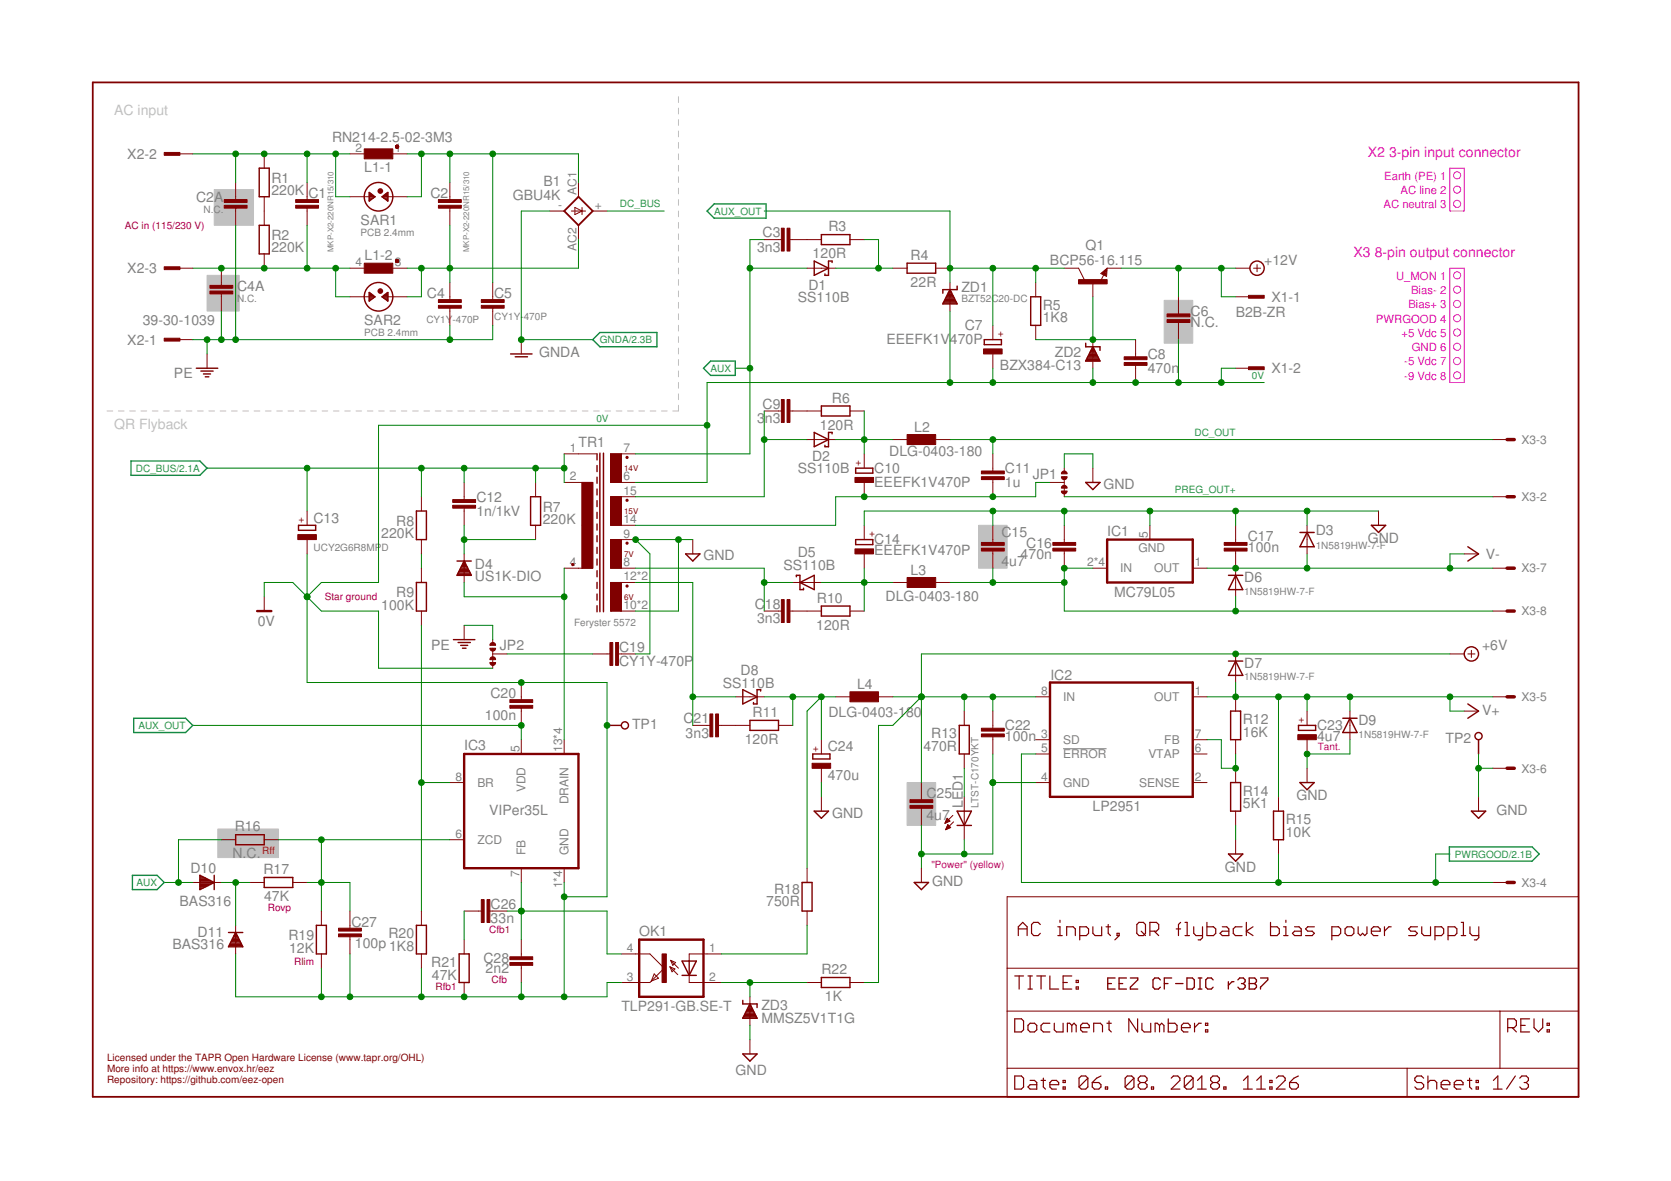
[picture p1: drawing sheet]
<svg xmlns="http://www.w3.org/2000/svg" width="297mm" height="210mm" viewBox="0 0 297 210" stroke-linecap="round" stroke-linejoin="round" font-family="sans-serif">
<g fill="#c0c0c0" stroke="#c0c0c0" stroke-width=".18">
<path d="M161.2 139.1h5.1v7.6h-5.1z"/>
<path d="M173.9 93.4h5.1v7.6h-5.1z"/>
<path d="M38.7 147.3h10.8v5.1h-10.8z"/>
<path d="M206.9 53.4h5.1v7.6h-5.1z"/>
<path d="M38.1 33.7h7v6.3h-7z"/>
<path d="M36.8 48.9h5.7v6.4h-5.7z"/>
</g>
<g fill="none" stroke="#c0c0c0" stroke-width=".18">
<path d="M120.6 17.2v1M120.6 19.2v1.1M120.6 21.3v1M120.6 23.3v1M120.6 25.3v1.1M120.6 27.3v1.1M120.6 29.4v1M120.6 31.4v1M120.6 33.4v1.1M120.6 35.5v1M120.6 37.5v1M120.6 39.5v1.1"/>
<path d="M120.6 41.6v1M120.6 43.6v1M120.6 45.6v1.1M120.6 47.6v1.1M120.6 49.7v1M120.6 51.7v1M120.6 53.7v1.1M120.6 55.8v1M120.6 57.8v1M120.6 59.8v1.1M19 73h1M21 73h1.1"/>
<path d="M23.1 73h1M25.1 73h1M27.1 73h1M29.1 73h1M31.1 73h1M33.1 73h1M35.1 73h1M37.1 73h1M39.1 73h1.1M41.1 73h1.1M43.2 73h1M45.2 73h1"/>
<path d="M47.2 73h1M49.2 73h1M51.2 73h1M53.2 73h1M55.2 73h1M57.3 73h1M59.3 73h1M61.3 73h1M63.3 73h1M65.3 73h1M67.3 73h1M69.3 73h1"/>
<path d="M71.3 73h1M73.3 73h1.1M75.4 73h1M77.4 73h1M79.4 73h1M81.4 73h1M83.4 73h1M85.4 73h1M87.4 73h1M89.4 73h1M91.4 73h1.1M93.5 73h1"/>
<path d="M95.5 73h1M97.5 73h1M99.5 73h1M101.5 73h1M103.5 73h1M105.5 73h1M107.5 73h1M109.5 73h1.1M111.5 73h1.1M113.6 73h1M115.6 73h1M117.6 73h1"/>
<path d="M120.6 72v1h-1M120.6 61.9v1M120.6 63.9v1M120.6 65.9v1.1M120.6 68v1M120.6 70v1"/>
</g>
<path d="M189 133.1h7.7" fill="none" stroke="#808080" stroke-width=".18"/>
<g fill="none" stroke="#800000" stroke-width=".21">
<path d="M180.4 173.5h1.5M181 166.3v-1.6l.8-.8 .8 .8v1.6M181 165.1h1.6M181.2 173.5v2.3M182.7 173.5h.8M182.7 175.8h.8M183.1 173.5v2.3M184.3 173.5h1.5M184.9 164.3l-.4-.4h-.8l-.3 .4v1.6l.3 .4h.8l.4-.4M185.1 173.5v2.3M186.6 173.5v2.3h1.6M188 166.3h.8"/>
<path d="M188 164.7h.4v1.6M188.4 163.6v.3M189 174.6h.7M189.6 166.3v-1.6h1.2l.4 .4v1.2M190.5 173.5h-1.5v2.3h1.5M191.3 175.4h.4v.4h-.4zM191.3 174.2h.4v.4h-.4zM191.9 166.3h1.2l.4-.4v-.8l-.4-.4h-1.2v2.3M194.3 164.7v1.2l.4 .4h1.1v-1.6M196.6 164.7h.8M197 164.3v1.6l.4 .4M198.6 165.9h.3v.4h-.3z"/>
<path d="M198.9 166.3l-.7 .7M202.5 163.9h.7l.4 .4v1.6l-.4 .4h-.7l-.4-.4v-1.6zM202.9 165.5l.7 .8M204.4 165.5h1.2l.4-.4v-.8l-.4-.4h-1.2v2.4M205.2 165.5l.8 .8M209.1 165.1h.8M209.9 163.9l-.4 .4v2M210.7 163.9h.3v2.4M210.7 166.3h.7M212.2 164.7v1.2l.4 .4h1.2M213.8 164.7v2l-.4 .3h-.4M214.5 163.9v2.4h1.2l.4-.4v-.8l-.4-.4h-1.2"/>
<path d="M217.3 164.7h.8l.3 .4v1.2h-1.1l-.4-.4 .4-.4h1.1M220.8 164.7h-1.2l-.4 .4v.8l.4 .4h1.2M221.6 163.9v2.4M222.7 164.7l-1.1 .8 1.1 .8M225.8 163.9v2.4h1.2l.4-.4v-.8l-.4-.4h-1.2M228.2 166.3h.8M228.2 164.7h.4v1.6M228.6 163.6v.3M230.1 164.7h.8l.4 .4v1.2h-1.2l-.4-.4 .4-.4h1.2M233.6 164.7h-1.1l-.4 .4 .4 .4h.8l.3 .4-.3 .4h-1.2M236.7 166.3h1.2l.4-.4v-.8l-.4-.4h-1.2v2.3M239.5 164.7h.8l.4 .4v.8l-.4 .4h-.8l-.4-.4v-.8z"/>
<path d="M241.4 164.7v1.2l.4 .4 .4-.4 .4 .4 .4-.4v-1.2M243.8 165.5h1.5v-.4l-.4-.4h-.7l-.4 .4v.8l.4 .4h.7M246.1 164.7v1.6M247.3 164.7h-.4l-.8 .8M252 164.7h-1.2l-.4 .4 .4 .4h.8l.4 .4-.4 .4h-1.2M252.7 164.7v1.2l.4 .4h1.2v-1.6M255.1 166.3h1.1l.4-.4v-.8l-.4-.4h-1.1v2.3M257.4 166.3h1.2l.4-.4v-.8l-.4-.4h-1.2v2.3M259.8 163.9h.3v2.4M259.8 166.3h.7M261.3 164.7v1.2l.4 .4h1.2M262.9 164.7v2l-.4 .3h-.4"/>
<path d="M180.4 181.1h1.2l.3 .4v1.5l-.3 .4h-1.2zM180.4 191.2h1.2l.3 .4v1.6l-.3 .4h-1.2zM182.7 182.2l.4-.3h.8l.4 .3v.8l-.4 .4h-.8l-.4-.4zM183.1 192h.8l.4 .4v1.2h-1.2l-.4-.4 .4-.4h1.2M185.1 192h.7M185.5 191.6v1.6l.3 .4M186.6 192.8h1.6v-.4l-.4-.4h-.8l-.4 .4v.8l.4 .4h.8M186.6 181.9h-1.1l-.4 .3v.8l.4 .4h1.1M187.4 181.9v1.1l.4 .4h1.2v-1.5M189 193.2h.4v.4h-.4zM189 192h.4v.4h-.4zM190.5 182.2l-.4-.3h-.4v1.5"/>
<path d="M190.5 182.2l.4-.3 .4 .3v1.2M190.5 182.2v1.2M192.1 182.6h1.5v-.4l-.3-.3h-.8l-.4 .3v.8l.4 .4h.8M193.4 191.6v1.6l-.4 .4h-.8l-.4-.4M193.4 191.6l-.4-.4h-.8l-.4 .4v1.6M193.4 191.6l-1.6 1.6M194.2 192.4h1.1l.4 .4v.4l-.4 .4h-.8l-.3-.4zM194.4 183.4v-1.5h1.2l.4 .3v1.2M195.7 191.2l-.8 .4-.7 .8M196.5 193.2h.4v.4h-.4zM196.8 181.9h.7M197.1 181.5v1.5l.4 .4"/>
<path d="M201.6 191.6v1.6l-.4 .4h-.8l-.4-.4M201.6 191.6l-.4-.4h-.8l-.4 .4v1.6M201.6 191.6l-1.6 1.6M202.2 181.1v2.3l-1.5-2.3v2.3M202.7 192.4l-.4 .4v.4l.4 .4h.8l.4-.4v-.4l-.4-.4M202.7 192.4l-.4-.4v-.4l.4-.4h.8l.4 .4v.4l-.4 .4M202.7 192.4h.8M203 181.9v1.1l.4 .4h1.2v-1.5M204.7 193.2h.4v.4h-.4zM206.1 182.2l-.4-.3h-.4v1.5M206.1 182.2v1.2M206.1 182.2l.4-.3 .4 .3v1.2"/>
<path d="M207.7 181.1v2.3h1.2l.3-.4v-.8l-.3-.3h-1.2M208.2 191.6l.4-.4h.8l.3 .4v.4l-1.5 1.6h1.5M210 182.6h1.6v-.4l-.4-.3h-.8l-.4 .3v.8l.4 .4h.8M212.1 191.6v1.6l-.4 .4h-.8l-.4-.4M212.1 191.6l-.4-.4h-.8l-.4 .4v1.6M212.1 191.6l-1.6 1.6M212.3 181.9v1.5M212.9 193.6h1.5M212.9 192l.7-.8v2.4M213.5 181.9h-.4l-.8 .7M214.3 183h.4v.4h-.4zM214.3 181.9h.4v.3h-.4z"/>
<path d="M215.6 192.4l-.4 .4v.4l.4 .4h.8l.4-.4v-.4l-.4-.4M215.6 192.4l-.4-.4v-.4l.4-.4h.8l.4 .4v.4l-.4 .4M215.6 192.4h.8M217.6 193.2h.3v.4h-.3zM221 193.6h1.6M221 192l.8-.8v2.4M223.4 193.6h1.5M223.4 192l.8-.8v2.4M225.7 193.2h.4v.4h-.4zM225.7 192h.4v.4h-.4zM226.9 191.6l.4-.4h.8l.4 .4v.4l-1.6 1.6h1.6M229.2 192.4h1.2l.4 .4v.4l-.4 .4h-.8l-.4-.4z"/>
<path d="M230.8 191.2l-.8 .4-.8 .8M253.1 191.6l-.4-.4h-.8l-.4 .4v.4l.4 .4h.8l.4 .4v.4l-.4 .4h-.8l-.4-.4M253.8 192.4l.4-.4h.8l.4 .4v1.2M253.8 191.2v2.4M256.2 192.8h1.5v-.4l-.4-.4h-.7l-.4 .4v.8l.4 .4h.7M258.5 192.8h1.6v-.4l-.4-.4h-.8l-.4 .4v.8l.4 .4h.8M260.9 192h.7M261.2 191.6v1.6l.4 .4M262.4 193.2h.4v.4h-.4zM262.4 192h.4v.4h-.4zM265.5 193.6h1.5M265.5 192l.8-.8v2.4"/>
<path d="M268 182.6h1.2l.4-.4v-.7l-.4-.4h-1.2v2.3M268.8 182.6l.8 .8M269.4 191.2l-1.6 2.4M270.2 191.6l.3-.4h.8l.4 .4v.4l-.4 .4M270.3 182.2h.8M270.9 192.4h.4M271.3 192.4l.4 .4v.4l-.4 .4h-.8l-.3-.4M271.9 181.1h-1.6v2.3h1.6M272.7 181.1v1.5l.8 .8 .7-.8v-1.5M275 183h.4v.4h-.4zM275 181.9h.4v.3h-.4z"/>
</g>
<g fill="none" stroke="#800000" stroke-width=".25">
<path d="M46.1 29.9h1.8v5.1h-1.8zM65.6 35h1M65.6 34.2l1.1 .8-1.1 .7zM65.6 35.6h.1M65.6 35.4h.4M65.6 35.2h.7M65.6 34.8h.8M65.6 34.5h.5M65.6 34.3h.2M67.9 35h1M67.9 35l1-.8v1.5zM68.2 34.8h.7"/>
<path d="M68.2 35.2h.7M68.5 34.5h.4M68.5 35.4h.4M68.8 34.3h.1M68.8 35.6h.1M70.3 26.1h.5M70.4 25.9h.3M70.5 26.3h.2M70.7 25.9a.25 .25 0 0 0-.3 0 .25 .25 0 0 0 .1 .4M70.7 25.9l.1 .2M70.8 26.1l-.1 .2M46.1 40h1.8v5.1h-1.8z"/>
<path d="M65.6 52.7h1M65.6 53.4h.1M65.6 53.2h.4M65.6 53h.7M65.6 52.5h.8M65.6 52.3h.5M65.6 52.1h.2M65.6 52l1.1 .7-1.1 .8zM67.9 52.7h1M67.9 52.7l1-.7v1.5zM68.2 52.5h.7M68.2 53h.7"/>
<path d="M68.5 52.3h.4M68.5 53.2h.4M68.8 52.1h.1M68.8 53.4h.1M70.3 46.3h.5M70.4 46.5a.26 .26 0 0 1 .2-.4 .26 .26 0 0 1 .2 .4M70.4 46.5l.2 .2 .2-.2M70.4 46.5h.4M144.7 46.4l2.6 1.3-2.6 1.2zM146 41.7h5.1v1.8h-5.1zM147.9 46.7v-.3h-.6v2.5h-.7v-.2M161.2 46.8h5.1v1.8h-5.1z"/>
<path d="M167.7 53.8h2.4M167.8 53.6h2.1M167.9 53.4h1.9M168 53.2h1.7M168.1 53h1.5M168.2 52.7h1.3M168.3 52.5h1.1M168.4 52.3h.9M168.6 52.1h.6M168.7 51.9h.4M168.8 51.6h.2M168.9 51.5l1.2 2.5h-2.5z"/>
<path d="M170.1 50.8v.7h-2.5v.6M183.2 52.7h1.8v5.1h-1.8zM196.7 47.9l-.8 .7 .7 .3 .1-.9-.5 .6 .2 .1v-.3M34.9 65.4h3.8M35.7 66h2.2M36.2 66.5h1.2M36.5 67h.6M90.8 62.9h3.8M91.6 63.4h2.2M144.7 76.9l2.6 1.2-2.6 1.3zM146 72.2h5.1v1.7h-5.1zM147.9 77.1v-.2h-.6v2.5h-.7v-.3"/>
<path d="M175 60.4h3v.9h-3zM193 61v.6h2.5v.7M193 64.1h2.5M193.1 63.9h2.3M193.3 63.6h2M193.4 63.4h1.8M193.5 63.2h1.5M193.6 63h1.3M193.7 62.7h1.1M193.8 62.5h.9M193.9 62.3h.7M194 62.1h.5"/>
<path d="M194.1 61.8h.3M194.3 61.6l1.2 2.6h-2.5zM53.1 93.4h3v.9h-3zM74 90.8h1.8v5.1h-1.8zM81.2 99.7h2.6M82.4 99.8h.2M82.5 99.7l1.3 2.6h-2.6zM94.3 88.3h1.8v5.1h-1.8zM106.1 80.7v1M106.1 82.7v1.1M106.1 84.8v1.1M106.1 86.9v1.1"/>
<path d="M106.1 89v1M106.1 91.1v1M106.1 93.1v1.1M106.1 95.2v1.1M106.1 97.3v1.1M106.1 99.4v1M106.6 80.5v28.2M107.3 80.5v28.2M121.9 98.4h2.5l-1.3 1.3zM152.1 83.2h3.1v.9h-3.1zM152.1 95.9h3.1v.9h-3.1zM193 85.7h2.5l-1.2 1.3z"/>
<path d="M231.1 94.6h2.5M232.3 94.6l1.3 2.6h-2.5zM243.8 93.4h2.5l-1.3 1.2zM260.9 97.2l1.9 1.2-1.9 1.3M74 103.5h1.8v5.1h-1.8zM80.6 113.7h3.8M81.3 102.1h2.4M81.4 114.2h2.2M81.4 101.9h2.2M81.6 101.6h1.9M81.7 101.4h1.7M81.8 101.2h1.4"/>
<path d="M81.9 101h1.2M81.9 114.7h1.2M82 100.7h1M82.1 100.5h.8M82.2 115.2h.6M82.2 100.3h.6M82.3 100.1h.4M106.1 101.4v1.1M106.1 103.5v1.1M106.1 105.6v1.1M106.1 107.7v1M141.6 102.5v-.2h.6v2.5h.6v-.3"/>
<path d="M142.2 103.5l2.5-1.2v2.5zM146 107.7h5.1v1.8h-5.1zM218.4 102.3h2.5M218.4 117.5h2.5M219.6 102.3l1.3 2.5h-2.5zM219.6 117.5l1.3 2.5h-2.5zM107.9 128.9h2.5M132 122.6l2.6 1.2-2.6 1.3zM133.3 128h5.1v1.8h-5.1zM135.2 122.8v-.2h-.6v2.5h-.7v-.2M144.5 134h3v.9h-3zM170.5 128.9h1.8v5.1h-1.8z"/>
<path d="M218.8 126.4h1.7v5.1h-1.7zM218.8 139.1h1.7v5.1h-1.7zM230.8 128.9h3.1v.9h-3.1zM231.1 139.1h2.5l-1.3 1.3zM238.7 127.7h2.5M240 127.7l1.2 2.5h-2.5zM260.9 125.1l1.9 1.3-1.9 1.3M262.8 131.5v2.5M35.5 155.6l2.6 1.2-2.6 1.3zM35.5 158.1h.2M35.5 157.8h.6M35.5 157.6h1.1"/>
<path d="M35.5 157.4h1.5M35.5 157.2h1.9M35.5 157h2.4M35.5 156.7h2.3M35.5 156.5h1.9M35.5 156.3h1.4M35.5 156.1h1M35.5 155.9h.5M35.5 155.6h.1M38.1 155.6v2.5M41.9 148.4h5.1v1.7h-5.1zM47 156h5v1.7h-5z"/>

·····

→ What this task involves
Please give an exact copy of the entries above, from the line with "61.8h.3M194.3 61.6l1.2 2.6h-2.5zM53.1" down to the line with "89v1M106.1 91.1v1M106.1 93.1v1.1M106.1", inclusive, and nothing else.

→ Answer for the task
<path d="M194.1 61.8h.3M194.3 61.6l1.2 2.6h-2.5zM53.1 93.4h3v.9h-3zM74 90.8h1.8v5.1h-1.8zM81.2 99.7h2.6M82.4 99.8h.2M82.5 99.7l1.3 2.6h-2.6zM94.3 88.3h1.8v5.1h-1.8zM106.1 80.7v1M106.1 82.7v1.1M106.1 84.8v1.1M106.1 86.9v1.1"/>
<path d="M106.1 89v1M106.1 91.1v1M106.1 93.1v1.1M106.1 95.2v1.1M106.1 97.3v1.1M106.1 99.4v1M106.6 80.5v28.2M107.3 80.5v28.2M121.9 98.4h2.5l-1.3 1.3zM152.1 83.2h3.1v.9h-3.1zM152.1 95.9h3.1v.9h-3.1zM193 85.7h2.5l-1.2 1.3z"/>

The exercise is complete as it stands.